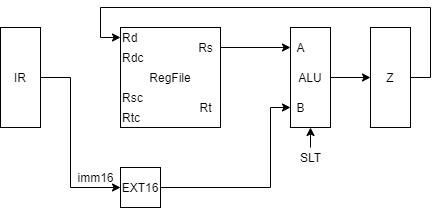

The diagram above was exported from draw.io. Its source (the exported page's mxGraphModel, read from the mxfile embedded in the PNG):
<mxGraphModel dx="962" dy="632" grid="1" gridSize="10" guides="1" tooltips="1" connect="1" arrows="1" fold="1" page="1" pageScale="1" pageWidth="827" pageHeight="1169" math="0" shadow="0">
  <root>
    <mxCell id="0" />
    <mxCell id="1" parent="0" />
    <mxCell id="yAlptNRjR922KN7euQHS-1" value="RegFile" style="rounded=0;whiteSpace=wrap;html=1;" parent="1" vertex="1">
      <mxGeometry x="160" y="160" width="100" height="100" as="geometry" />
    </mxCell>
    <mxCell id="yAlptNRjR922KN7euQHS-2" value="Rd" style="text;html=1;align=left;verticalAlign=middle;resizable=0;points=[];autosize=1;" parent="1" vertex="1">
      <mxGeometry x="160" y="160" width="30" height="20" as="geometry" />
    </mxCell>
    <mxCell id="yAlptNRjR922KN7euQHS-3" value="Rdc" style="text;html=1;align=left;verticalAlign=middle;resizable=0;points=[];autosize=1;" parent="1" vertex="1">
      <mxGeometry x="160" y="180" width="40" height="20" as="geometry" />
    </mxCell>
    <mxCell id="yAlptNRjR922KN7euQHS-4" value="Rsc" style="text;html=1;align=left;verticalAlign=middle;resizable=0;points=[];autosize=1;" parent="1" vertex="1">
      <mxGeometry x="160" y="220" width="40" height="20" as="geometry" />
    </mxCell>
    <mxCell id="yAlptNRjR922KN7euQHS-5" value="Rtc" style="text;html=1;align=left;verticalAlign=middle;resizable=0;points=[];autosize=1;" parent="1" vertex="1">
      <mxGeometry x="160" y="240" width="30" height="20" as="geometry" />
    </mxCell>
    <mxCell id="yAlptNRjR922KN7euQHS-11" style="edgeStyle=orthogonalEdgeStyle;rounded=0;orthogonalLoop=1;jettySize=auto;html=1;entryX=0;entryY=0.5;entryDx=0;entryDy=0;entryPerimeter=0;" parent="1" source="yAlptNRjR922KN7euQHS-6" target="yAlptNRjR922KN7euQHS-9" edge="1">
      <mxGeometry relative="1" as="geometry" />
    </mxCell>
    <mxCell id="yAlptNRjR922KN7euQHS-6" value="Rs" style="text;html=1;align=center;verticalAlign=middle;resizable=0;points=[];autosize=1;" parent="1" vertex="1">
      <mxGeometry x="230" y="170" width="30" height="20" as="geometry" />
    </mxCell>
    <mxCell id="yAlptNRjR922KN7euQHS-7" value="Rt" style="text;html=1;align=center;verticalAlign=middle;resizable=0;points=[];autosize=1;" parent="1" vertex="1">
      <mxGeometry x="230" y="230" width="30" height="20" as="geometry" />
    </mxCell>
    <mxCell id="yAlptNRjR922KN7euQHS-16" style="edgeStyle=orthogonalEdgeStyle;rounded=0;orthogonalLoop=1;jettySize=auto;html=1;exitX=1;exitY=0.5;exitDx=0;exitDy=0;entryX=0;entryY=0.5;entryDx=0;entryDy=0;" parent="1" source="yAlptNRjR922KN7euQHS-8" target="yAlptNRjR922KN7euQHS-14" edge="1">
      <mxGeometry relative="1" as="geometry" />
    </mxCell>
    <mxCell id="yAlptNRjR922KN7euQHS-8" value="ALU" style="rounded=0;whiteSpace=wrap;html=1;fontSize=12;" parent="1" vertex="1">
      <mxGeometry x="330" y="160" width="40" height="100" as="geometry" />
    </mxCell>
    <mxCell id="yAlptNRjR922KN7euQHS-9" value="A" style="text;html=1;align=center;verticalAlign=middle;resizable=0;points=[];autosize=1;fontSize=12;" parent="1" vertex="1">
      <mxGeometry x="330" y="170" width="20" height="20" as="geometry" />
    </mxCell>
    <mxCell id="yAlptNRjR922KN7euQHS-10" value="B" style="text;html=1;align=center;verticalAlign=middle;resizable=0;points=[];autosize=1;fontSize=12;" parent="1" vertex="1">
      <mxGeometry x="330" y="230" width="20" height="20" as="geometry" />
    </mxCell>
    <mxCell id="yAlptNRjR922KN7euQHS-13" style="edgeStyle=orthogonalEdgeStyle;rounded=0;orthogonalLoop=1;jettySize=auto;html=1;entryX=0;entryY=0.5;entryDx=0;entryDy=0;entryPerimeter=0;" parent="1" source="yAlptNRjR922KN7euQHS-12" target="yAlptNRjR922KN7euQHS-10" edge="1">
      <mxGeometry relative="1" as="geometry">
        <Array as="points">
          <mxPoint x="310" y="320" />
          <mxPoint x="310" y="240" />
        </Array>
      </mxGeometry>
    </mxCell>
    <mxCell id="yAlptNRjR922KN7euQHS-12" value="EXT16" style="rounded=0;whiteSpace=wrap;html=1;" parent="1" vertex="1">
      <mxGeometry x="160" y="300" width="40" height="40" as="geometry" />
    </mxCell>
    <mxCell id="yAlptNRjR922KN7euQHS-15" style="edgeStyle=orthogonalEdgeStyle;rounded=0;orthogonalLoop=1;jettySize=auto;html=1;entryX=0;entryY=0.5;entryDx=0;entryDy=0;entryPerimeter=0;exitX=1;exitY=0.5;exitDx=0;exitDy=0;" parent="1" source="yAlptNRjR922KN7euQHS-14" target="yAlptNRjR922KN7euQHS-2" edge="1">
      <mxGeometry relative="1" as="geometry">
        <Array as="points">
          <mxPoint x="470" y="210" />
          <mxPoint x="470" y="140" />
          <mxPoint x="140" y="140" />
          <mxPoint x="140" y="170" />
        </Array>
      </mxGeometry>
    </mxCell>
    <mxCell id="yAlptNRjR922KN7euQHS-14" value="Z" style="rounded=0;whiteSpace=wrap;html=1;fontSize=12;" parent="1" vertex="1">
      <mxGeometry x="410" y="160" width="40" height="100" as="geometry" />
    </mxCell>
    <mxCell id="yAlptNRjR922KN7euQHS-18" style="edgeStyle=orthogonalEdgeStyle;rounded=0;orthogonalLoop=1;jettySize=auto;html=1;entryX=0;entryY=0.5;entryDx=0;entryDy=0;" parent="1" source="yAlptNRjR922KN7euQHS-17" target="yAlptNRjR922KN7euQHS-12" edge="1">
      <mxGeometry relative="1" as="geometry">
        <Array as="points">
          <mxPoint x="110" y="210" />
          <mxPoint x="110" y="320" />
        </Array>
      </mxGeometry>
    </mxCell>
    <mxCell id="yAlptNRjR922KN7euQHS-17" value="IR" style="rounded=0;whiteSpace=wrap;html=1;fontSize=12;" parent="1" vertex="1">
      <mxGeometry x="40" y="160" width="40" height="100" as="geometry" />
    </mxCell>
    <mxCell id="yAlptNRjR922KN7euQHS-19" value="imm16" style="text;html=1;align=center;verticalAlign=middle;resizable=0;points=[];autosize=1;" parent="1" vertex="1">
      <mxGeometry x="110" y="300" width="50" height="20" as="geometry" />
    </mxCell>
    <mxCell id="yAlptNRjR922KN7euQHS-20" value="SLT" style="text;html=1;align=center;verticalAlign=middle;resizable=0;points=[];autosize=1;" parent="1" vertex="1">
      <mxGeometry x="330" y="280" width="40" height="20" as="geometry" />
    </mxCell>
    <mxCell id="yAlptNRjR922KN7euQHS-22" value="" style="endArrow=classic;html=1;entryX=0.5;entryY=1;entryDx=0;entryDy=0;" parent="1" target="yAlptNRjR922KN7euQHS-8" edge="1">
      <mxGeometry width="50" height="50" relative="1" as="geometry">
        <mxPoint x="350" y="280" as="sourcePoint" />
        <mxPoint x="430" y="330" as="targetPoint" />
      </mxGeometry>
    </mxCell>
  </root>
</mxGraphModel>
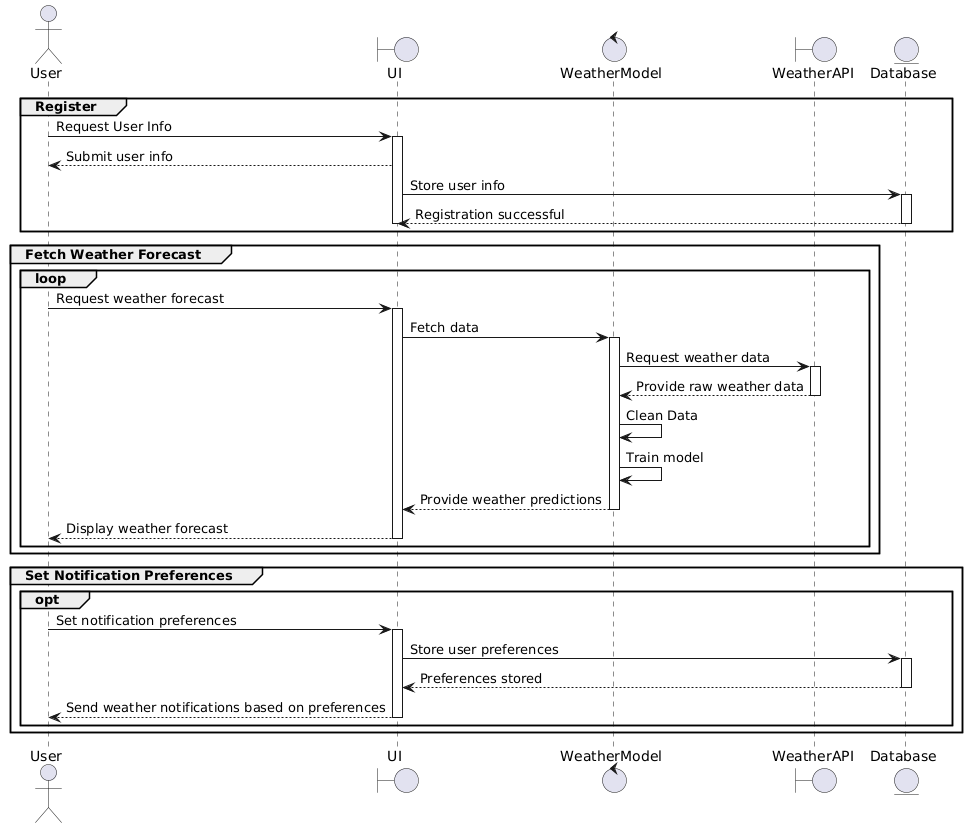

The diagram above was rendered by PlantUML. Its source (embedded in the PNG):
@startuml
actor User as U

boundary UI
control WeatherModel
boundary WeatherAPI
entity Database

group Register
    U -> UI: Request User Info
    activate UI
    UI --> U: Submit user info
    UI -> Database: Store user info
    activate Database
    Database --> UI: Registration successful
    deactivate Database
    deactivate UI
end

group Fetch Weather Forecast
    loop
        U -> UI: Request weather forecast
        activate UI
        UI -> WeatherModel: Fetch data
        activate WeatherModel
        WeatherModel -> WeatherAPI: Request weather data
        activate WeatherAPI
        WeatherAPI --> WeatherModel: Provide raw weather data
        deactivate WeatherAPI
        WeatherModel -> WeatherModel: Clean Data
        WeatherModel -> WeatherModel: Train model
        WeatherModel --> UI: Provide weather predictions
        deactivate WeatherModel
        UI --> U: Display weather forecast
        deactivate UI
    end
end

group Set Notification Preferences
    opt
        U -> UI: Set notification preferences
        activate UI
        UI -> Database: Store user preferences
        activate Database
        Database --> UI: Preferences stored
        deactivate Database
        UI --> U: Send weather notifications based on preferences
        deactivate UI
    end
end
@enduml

══════

> _EXERCISE REQUIREMENTS_: Starting at the line that contains "UI -> Database: Store user info", write out every line through the last one in the data above, exactly as it stands.

> _RESPONSE TO THIS EXERCISE_:
    UI -> Database: Store user info
    activate Database
    Database --> UI: Registration successful
    deactivate Database
    deactivate UI
end

group Fetch Weather Forecast
    loop
        U -> UI: Request weather forecast
        activate UI
        UI -> WeatherModel: Fetch data
        activate WeatherModel
        WeatherModel -> WeatherAPI: Request weather data
        activate WeatherAPI
        WeatherAPI --> WeatherModel: Provide raw weather data
        deactivate WeatherAPI
        WeatherModel -> WeatherModel: Clean Data
        WeatherModel -> WeatherModel: Train model
        WeatherModel --> UI: Provide weather predictions
        deactivate WeatherModel
        UI --> U: Display weather forecast
        deactivate UI
    end
end

group Set Notification Preferences
    opt
        U -> UI: Set notification preferences
        activate UI
        UI -> Database: Store user preferences
        activate Database
        Database --> UI: Preferences stored
        deactivate Database
        UI --> U: Send weather notifications based on preferences
        deactivate UI
    end
end
@enduml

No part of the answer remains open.